India voted today in the final phase of a long-drawn general election, held in record summer heat in many parts, as both Prime Minister Narendra Modi and his challengers said they would win the polls centred mostly on inequality and religion.

The seven-phase vote, in which nearly a billion people were eligible to cast their ballots, began on 19 April and will end with polling in the last 57 seats – including in Mr Modi’s constituency in the Hindu holy city of Varanasi.

More than 100 million people are registered to vote across eight states and federal territories today, including in the northern state of Punjab and the eastern states of Bihar, West Bengal and Odisha.

“Calling upon the voters to turnout in large numbers and vote,” Mr Modi said as polls opened. “Together, let’s make our democracy more vibrant and participative.”

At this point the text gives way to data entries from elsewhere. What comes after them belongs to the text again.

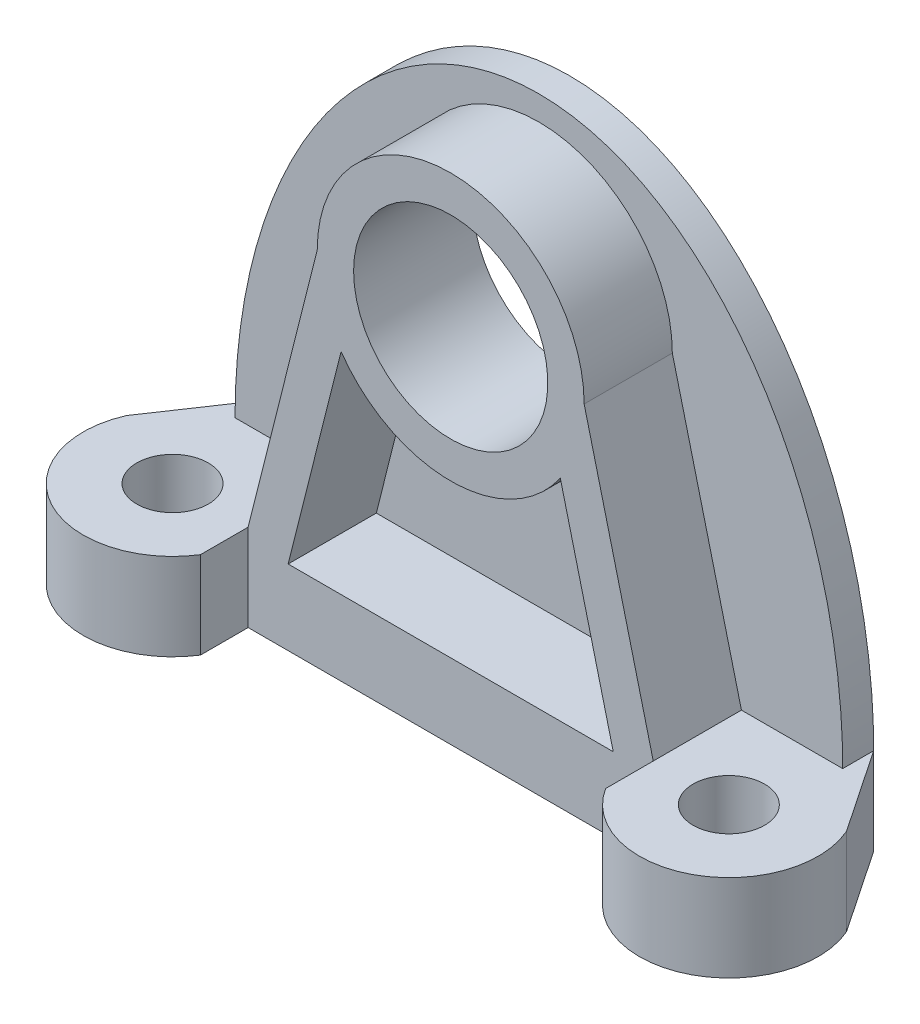
ISO-10303-21;
HEADER;
FILE_DESCRIPTION(('STEP AP214'),'2;1');
FILE_NAME('part.step','',(''),(''),'','','');
FILE_SCHEMA(('AUTOMOTIVE_DESIGN { 1 0 10303 214 1 1 1 1 }'));
ENDSEC;
DATA;
#1=APPLICATION_CONTEXT('core data for automotive mechanical design processes');
#2=APPLICATION_PROTOCOL_DEFINITION('international standard','automotive_design',2000,#1);
#3=PRODUCT_CONTEXT('',#1,'mechanical');
#4=PRODUCT('Part','Part','',(#3));
#5=PRODUCT_RELATED_PRODUCT_CATEGORY('part','',(#4));
#6=PRODUCT_DEFINITION_FORMATION('','',#4);
#7=PRODUCT_DEFINITION_CONTEXT('part definition',#1,'design');
#8=PRODUCT_DEFINITION('design','',#6,#7);
#9=PRODUCT_DEFINITION_SHAPE('','',#8);
#10=(LENGTH_UNIT() NAMED_UNIT(*) SI_UNIT(.MILLI.,.METRE.));
#11=(NAMED_UNIT(*) PLANE_ANGLE_UNIT() SI_UNIT($,.RADIAN.));
#12=(NAMED_UNIT(*) SI_UNIT($,.STERADIAN.) SOLID_ANGLE_UNIT());
#13=UNCERTAINTY_MEASURE_WITH_UNIT(LENGTH_MEASURE(1.E-05),#10,'distance_accuracy_value','');
#14=(GEOMETRIC_REPRESENTATION_CONTEXT(3) GLOBAL_UNCERTAINTY_ASSIGNED_CONTEXT((#13)) GLOBAL_UNIT_ASSIGNED_CONTEXT((#10,
#11,#12)) REPRESENTATION_CONTEXT('',''));
#15=CARTESIAN_POINT('',(0.,0.,0.));
#16=DIRECTION('',(0.,0.,1.));
#17=DIRECTION('',(1.,0.,0.));
#18=AXIS2_PLACEMENT_3D('',#15,#16,#17);
#19=CARTESIAN_POINT('',(-17.,7.3,14.));
#20=DIRECTION('',(-1.,0.,0.));
#21=DIRECTION('',(0.,0.,1.));
#22=AXIS2_PLACEMENT_3D('',#19,#20,#21);
#23=PLANE('',#22);
#24=DIRECTION('',(0.,-1.,0.));
#25=VECTOR('',#24,1.);
#26=CARTESIAN_POINT('',(-17.,7.3,10.));
#27=LINE('',#26,#25);
#28=CARTESIAN_POINT('',(-17.,7.3,10.));
#29=VERTEX_POINT('',#28);
#30=CARTESIAN_POINT('',(-17.,0.,10.));
#31=VERTEX_POINT('',#30);
#32=EDGE_CURVE('E167',#29,#31,#27,.T.);
#33=ORIENTED_EDGE('',*,*,#32,.F.);
#34=DIRECTION('',(0.,0.,-1.));
#35=VECTOR('',#34,1.);
#36=CARTESIAN_POINT('',(-17.,7.3,14.));
#37=LINE('',#36,#35);
#38=CARTESIAN_POINT('',(-17.,7.3,14.));
#39=VERTEX_POINT('',#38);
#40=EDGE_CURVE('E184',#39,#29,#37,.T.);
#41=ORIENTED_EDGE('',*,*,#40,.F.);
#42=DIRECTION('',(0.,-1.,0.));
#43=VECTOR('',#42,1.);
#44=CARTESIAN_POINT('',(-17.,7.3,14.));
#45=LINE('',#44,#43);
#46=CARTESIAN_POINT('',(-17.,0.,14.));
#47=VERTEX_POINT('',#46);
#48=EDGE_CURVE('E216',#39,#47,#45,.T.);
#49=ORIENTED_EDGE('',*,*,#48,.T.);
#50=DIRECTION('',(0.,0.,-1.));
#51=VECTOR('',#50,1.);
#52=CARTESIAN_POINT('',(-17.,0.,14.));
#53=LINE('',#52,#51);
#54=EDGE_CURVE('E205',#47,#31,#53,.T.);
#55=ORIENTED_EDGE('',*,*,#54,.T.);
#56=EDGE_LOOP('',(#33,#41,#49,#55));
#57=FACE_BOUND('',#56,.T.);
#58=ADVANCED_FACE('F32',(#57),#23,.F.);
#59=CARTESIAN_POINT('',(17.,7.3,14.));
#60=DIRECTION('',(1.,0.,0.));
#61=DIRECTION('',(0.,0.,-1.));
#62=AXIS2_PLACEMENT_3D('',#59,#60,#61);
#63=PLANE('',#62);
#64=DIRECTION('',(0.,0.,1.));
#65=VECTOR('',#64,1.);
#66=CARTESIAN_POINT('',(17.,7.3,14.));
#67=LINE('',#66,#65);
#68=CARTESIAN_POINT('',(17.,7.3,10.));
#69=VERTEX_POINT('',#68);
#70=CARTESIAN_POINT('',(17.,7.3,14.));
#71=VERTEX_POINT('',#70);
#72=EDGE_CURVE('E182',#69,#71,#67,.T.);
#73=ORIENTED_EDGE('',*,*,#72,.F.);
#74=DIRECTION('',(0.,-1.,0.));
#75=VECTOR('',#74,1.);
#76=CARTESIAN_POINT('',(17.,7.3,10.));
#77=LINE('',#76,#75);
#78=CARTESIAN_POINT('',(17.,0.,10.));
#79=VERTEX_POINT('',#78);
#80=EDGE_CURVE('E156',#69,#79,#77,.T.);
#81=ORIENTED_EDGE('',*,*,#80,.T.);
#82=DIRECTION('',(0.,0.,1.));
#83=VECTOR('',#82,1.);
#84=CARTESIAN_POINT('',(17.,0.,14.));
#85=LINE('',#84,#83);
#86=CARTESIAN_POINT('',(17.,0.,14.));
#87=VERTEX_POINT('',#86);
#88=EDGE_CURVE('E209',#79,#87,#85,.T.);
#89=ORIENTED_EDGE('',*,*,#88,.T.);
#90=DIRECTION('',(0.,-1.,0.));
#91=VECTOR('',#90,1.);
#92=CARTESIAN_POINT('',(17.,7.3,14.));
#93=LINE('',#92,#91);
#94=EDGE_CURVE('E168',#71,#87,#93,.T.);
#95=ORIENTED_EDGE('',*,*,#94,.F.);
#96=EDGE_LOOP('',(#73,#81,#89,#95));
#97=FACE_BOUND('',#96,.T.);
#98=ADVANCED_FACE('F183',(#97),#63,.F.);
#99=CARTESIAN_POINT('',(-17.,6.3,2.6));
#100=DIRECTION('',(0.,-1.,0.));
#101=DIRECTION('',(0.,0.,-1.));
#102=AXIS2_PLACEMENT_3D('',#99,#100,#101);
#103=PLANE('',#102);
#104=DIRECTION('',(0.,0.,-1.));
#105=VECTOR('',#104,1.);
#106=CARTESIAN_POINT('',(-13.642524215412,6.3,58.9751212351741));
#107=LINE('',#106,#105);
#108=CARTESIAN_POINT('',(-13.642524215412,6.3,10.));
#109=VERTEX_POINT('',#108);
#110=CARTESIAN_POINT('',(-13.642524215412,6.3,2.6));
#111=VERTEX_POINT('',#110);
#112=EDGE_CURVE('E353',#109,#111,#107,.T.);
#113=ORIENTED_EDGE('',*,*,#112,.F.);
#114=DIRECTION('',(1.,0.,0.));
#115=VECTOR('',#114,1.);
#116=CARTESIAN_POINT('',(-17.,6.3,10.));
#117=LINE('',#116,#115);
#118=CARTESIAN_POINT('',(13.642524215412,6.3,10.));
#119=VERTEX_POINT('',#118);
#120=EDGE_CURVE('E259',#109,#119,#117,.T.);
#121=ORIENTED_EDGE('',*,*,#120,.T.);
#122=DIRECTION('',(0.,0.,-1.));
#123=VECTOR('',#122,1.);
#124=CARTESIAN_POINT('',(13.642524215412,6.3,58.9751212351741));
#125=LINE('',#124,#123);
#126=CARTESIAN_POINT('',(13.642524215412,6.3,2.6));
#127=VERTEX_POINT('',#126);
#128=EDGE_CURVE('E179',#119,#127,#125,.T.);
#129=ORIENTED_EDGE('',*,*,#128,.T.);
#130=DIRECTION('',(1.,0.,0.));
#131=VECTOR('',#130,1.);
#132=CARTESIAN_POINT('',(-17.,6.3,2.6));
#133=LINE('',#132,#131);
#134=EDGE_CURVE('E256',#111,#127,#133,.T.);
#135=ORIENTED_EDGE('',*,*,#134,.F.);
#136=EDGE_LOOP('',(#113,#121,#129,#135));
#137=FACE_BOUND('',#136,.T.);
#138=ADVANCED_FACE('F285',(#137),#103,.F.);
#139=CARTESIAN_POINT('',(0.,0.,2.6));
#140=DIRECTION('',(0.,0.,1.));
#141=DIRECTION('',(1.,0.,0.));
#142=AXIS2_PLACEMENT_3D('',#139,#140,#141);
#143=PLANE('',#142);
#144=CARTESIAN_POINT('',(0.,30.35,2.6));
#145=DIRECTION('',(0.,0.,1.));
#146=DIRECTION('',(1.,0.,0.));
#147=AXIS2_PLACEMENT_3D('',#144,#145,#146);
#148=CIRCLE('',#147,11.2);
#149=CARTESIAN_POINT('',(11.2,30.35,2.6));
#150=VERTEX_POINT('',#149);
#151=CARTESIAN_POINT('',(-11.2,30.35,2.6));
#152=VERTEX_POINT('',#151);
#153=EDGE_CURVE('E359',#150,#152,#148,.T.);
#154=ORIENTED_EDGE('',*,*,#153,.F.);
#155=DIRECTION('',(-0.244020251184388,0.969770136172438,0.));
#156=VECTOR('',#155,1.);
#157=CARTESIAN_POINT('',(17.,7.3,2.6));
#158=LINE('',#157,#156);
#159=CARTESIAN_POINT('',(17.,7.3,2.6));
#160=VERTEX_POINT('',#159);
#161=EDGE_CURVE('E178',#160,#150,#158,.T.);
#162=ORIENTED_EDGE('',*,*,#161,.F.);
#163=DIRECTION('',(-1.,0.,0.));
#164=VECTOR('',#163,1.);
#165=CARTESIAN_POINT('',(25.5,7.3,2.59999999999999));
#166=LINE('',#165,#164);
#167=CARTESIAN_POINT('',(25.5,7.3,2.59999999999999));
#168=VERTEX_POINT('',#167);
#169=EDGE_CURVE('E189',#168,#160,#166,.T.);
#170=ORIENTED_EDGE('',*,*,#169,.F.);
#171=CARTESIAN_POINT('',(0.,7.3,2.59999999999999));
#172=DIRECTION('',(0.,0.,-1.));
#173=DIRECTION('',(0.,-1.,0.));
#174=AXIS2_PLACEMENT_3D('',#171,#172,#173);
#175=ELLIPSE('',#174,36.3,25.5);
#176=CARTESIAN_POINT('',(-25.5,7.3,2.59999999999999));
#177=VERTEX_POINT('',#176);
#178=EDGE_CURVE('E333',#177,#168,#175,.T.);
#179=ORIENTED_EDGE('',*,*,#178,.F.);
#180=CARTESIAN_POINT('',(-17.,7.3,2.6));
#181=VERTEX_POINT('',#180);
#182=EDGE_CURVE('E332',#181,#177,#166,.T.);
#183=ORIENTED_EDGE('',*,*,#182,.F.);
#184=DIRECTION('',(-0.244020251184388,-0.969770136172438,0.));
#185=VECTOR('',#184,1.);
#186=CARTESIAN_POINT('',(-17.,7.3,2.6));
#187=LINE('',#186,#185);
#188=EDGE_CURVE('E368',#152,#181,#187,.T.);
#189=ORIENTED_EDGE('',*,*,#188,.F.);
#190=EDGE_LOOP('',(#154,#162,#170,#179,#183,#189));
#191=FACE_BOUND('',#190,.T.);
#192=ADVANCED_FACE('F281',(#191),#143,.T.);
#193=CARTESIAN_POINT('',(0.,30.35,2.6));
#194=DIRECTION('',(0.,0.,1.));
#195=DIRECTION('',(1.,0.,0.));
#196=AXIS2_PLACEMENT_3D('',#193,#194,#195);
#197=CIRCLE('',#196,11.2);
#198=CARTESIAN_POINT('',(-9.19865015464646,23.9605684656284,2.6));
#199=VERTEX_POINT('',#198);
#200=CARTESIAN_POINT('',(9.19865015464646,23.9605684656284,2.6));
#201=VERTEX_POINT('',#200);
#202=EDGE_CURVE('E47',#199,#201,#197,.T.);
#203=ORIENTED_EDGE('',*,*,#202,.F.);
#204=DIRECTION('',(0.244020251184388,0.969770136172438,0.));
#205=VECTOR('',#204,1.);
#206=CARTESIAN_POINT('',(-13.642524215412,6.3,2.6));
#207=LINE('',#206,#205);
#208=EDGE_CURVE('E350',#111,#199,#207,.T.);
#209=ORIENTED_EDGE('',*,*,#208,.F.);
#210=ORIENTED_EDGE('',*,*,#134,.T.);
#211=DIRECTION('',(0.244020251184388,-0.969770136172438,0.));
#212=VECTOR('',#211,1.);
#213=CARTESIAN_POINT('',(13.642524215412,6.3,2.6));
#214=LINE('',#213,#212);
#215=EDGE_CURVE('E338',#201,#127,#214,.T.);
#216=ORIENTED_EDGE('',*,*,#215,.F.);
#217=EDGE_LOOP('',(#203,#209,#210,#216));
#218=FACE_BOUND('',#217,.T.);
#219=ADVANCED_FACE('F284',(#218),#143,.T.);
#220=CARTESIAN_POINT('',(23.3442887702248,7.3,10.));
#221=DIRECTION('',(0.,-1.,0.));
#222=DIRECTION('',(0.,0.,-1.));
#223=AXIS2_PLACEMENT_3D('',#220,#221,#222);
#224=PLANE('',#223);
#225=CARTESIAN_POINT('',(23.3442887702248,7.3,10.));
#226=DIRECTION('',(0.,1.,0.));
#227=DIRECTION('',(0.,0.,1.));
#228=AXIS2_PLACEMENT_3D('',#225,#226,#227);
#229=CIRCLE('',#228,3.);
#230=CARTESIAN_POINT('',(23.3442887702248,7.3,13.));
#231=VERTEX_POINT('',#230);
#232=EDGE_CURVE('E199',#231,#231,#229,.T.);
#233=ORIENTED_EDGE('',*,*,#232,.F.);
#234=EDGE_LOOP('',(#233));
#235=FACE_BOUND('',#234,.T.);
#236=DIRECTION('',(-0.558915454806079,0.,-0.829224646509566));
#237=VECTOR('',#236,1.);
#238=CARTESIAN_POINT('',(25.5,7.3,0.));
#239=LINE('',#238,#237);
#240=CARTESIAN_POINT('',(30.2181523126585,7.3,7.));
#241=VERTEX_POINT('',#240);
#242=CARTESIAN_POINT('',(25.5,7.3,0.));
#243=VERTEX_POINT('',#242);
#244=EDGE_CURVE('E212',#241,#243,#239,.T.);
#245=ORIENTED_EDGE('',*,*,#244,.T.);
#246=DIRECTION('',(0.,0.,-1.));
#247=VECTOR('',#246,1.);
#248=CARTESIAN_POINT('',(25.5,7.3,65.1994408920719));
#249=LINE('',#248,#247);
#250=EDGE_CURVE('E267',#168,#243,#249,.T.);
#251=ORIENTED_EDGE('',*,*,#250,.F.);
#252=ORIENTED_EDGE('',*,*,#169,.T.);
#253=EDGE_CURVE('E174',#160,#69,#67,.T.);
#254=ORIENTED_EDGE('',*,*,#253,.T.);
#255=ORIENTED_EDGE('',*,*,#72,.T.);
#256=CARTESIAN_POINT('',(23.3442887702248,7.3,10.));
#257=DIRECTION('',(0.,1.,0.));
#258=DIRECTION('',(0.,0.,-1.));
#259=AXIS2_PLACEMENT_3D('',#256,#257,#258);
#260=CIRCLE('',#259,7.5);
#261=EDGE_CURVE('E56',#71,#241,#260,.T.);
#262=ORIENTED_EDGE('',*,*,#261,.T.);
#263=EDGE_LOOP('',(#245,#251,#252,#254,#255,#262));
#264=FACE_BOUND('',#263,.T.);
#265=ADVANCED_FACE('F187',(#235,#264),#224,.F.);
#266=ORIENTED_EDGE('',*,*,#182,.T.);
#267=DIRECTION('',(0.,0.,-1.));
#268=VECTOR('',#267,1.);
#269=CARTESIAN_POINT('',(-25.5,7.3,65.1994408920719));
#270=LINE('',#269,#268);
#271=CARTESIAN_POINT('',(-25.5,7.3,0.));
#272=VERTEX_POINT('',#271);
#273=EDGE_CURVE('E326',#177,#272,#270,.T.);
#274=ORIENTED_EDGE('',*,*,#273,.T.);
#275=DIRECTION('',(-0.558915454806079,0.,0.829224646509566));
#276=VECTOR('',#275,1.);
#277=CARTESIAN_POINT('',(-25.5,7.3,0.));
#278=LINE('',#277,#276);
#279=CARTESIAN_POINT('',(-30.2181523126585,7.3,7.));
#280=VERTEX_POINT('',#279);
#281=EDGE_CURVE('E97',#272,#280,#278,.T.);
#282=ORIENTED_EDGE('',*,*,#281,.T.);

Mr Modi is seeking a rare, third straight term as prime minister as his Hindu nationalist Bharatiya Janata Party (BJP) battles an opposition alliance of two dozen parties led by the Congress and is widely expected to win a majority.

But he and his party have run into a spirited campaign by the opposition alliance called ‘INDIA’ or the Indian National Developmental Inclusive Alliance, sowing some doubt about whether Mr Modi’s expected victory would come easily.

Scorching summer temperatures with unusually high heatwaves have compounded voter fatigue in the majority-Hindu country of 1.4 billion people, where unemployment and inflation are the main concerns for voters.

Nearly two dozen election officials died of suspected heatstroke in Bihar and Uttar Pradesh ahead of the vote yesterday, authorities said.

Mr Modi and Congress leader Rahul Gandhi have both predicted heavy defeat for each other and said their respective alliances were set to form the next government.

Rahul Gandhi (C) is Modi’s main opposition

TV exit polls expected after the conclusion of the vote will project how well or poorly the parties are faring ahead of the results, due on 4 June Exit polls, however, have a patchy record in India and have been widely off the mark previously.

Mr Modi began his re-election campaign by focusing on his achievements over the last 10 years but soon switched to mostly targeting the opposition by accusing them of favouring India’s minority Muslims, comprising roughly 200 million of the population.

This change of tack, analysts said, was likely aimed at firing up his Hindu nationalist base after a low turnout in the first phase sparked concerns that BJP supporters were not voting in large numbers.

The opposition campaign has largely focused on affirmative action and saving the constitution from what they say is Mr Modi’s dictatorial rule.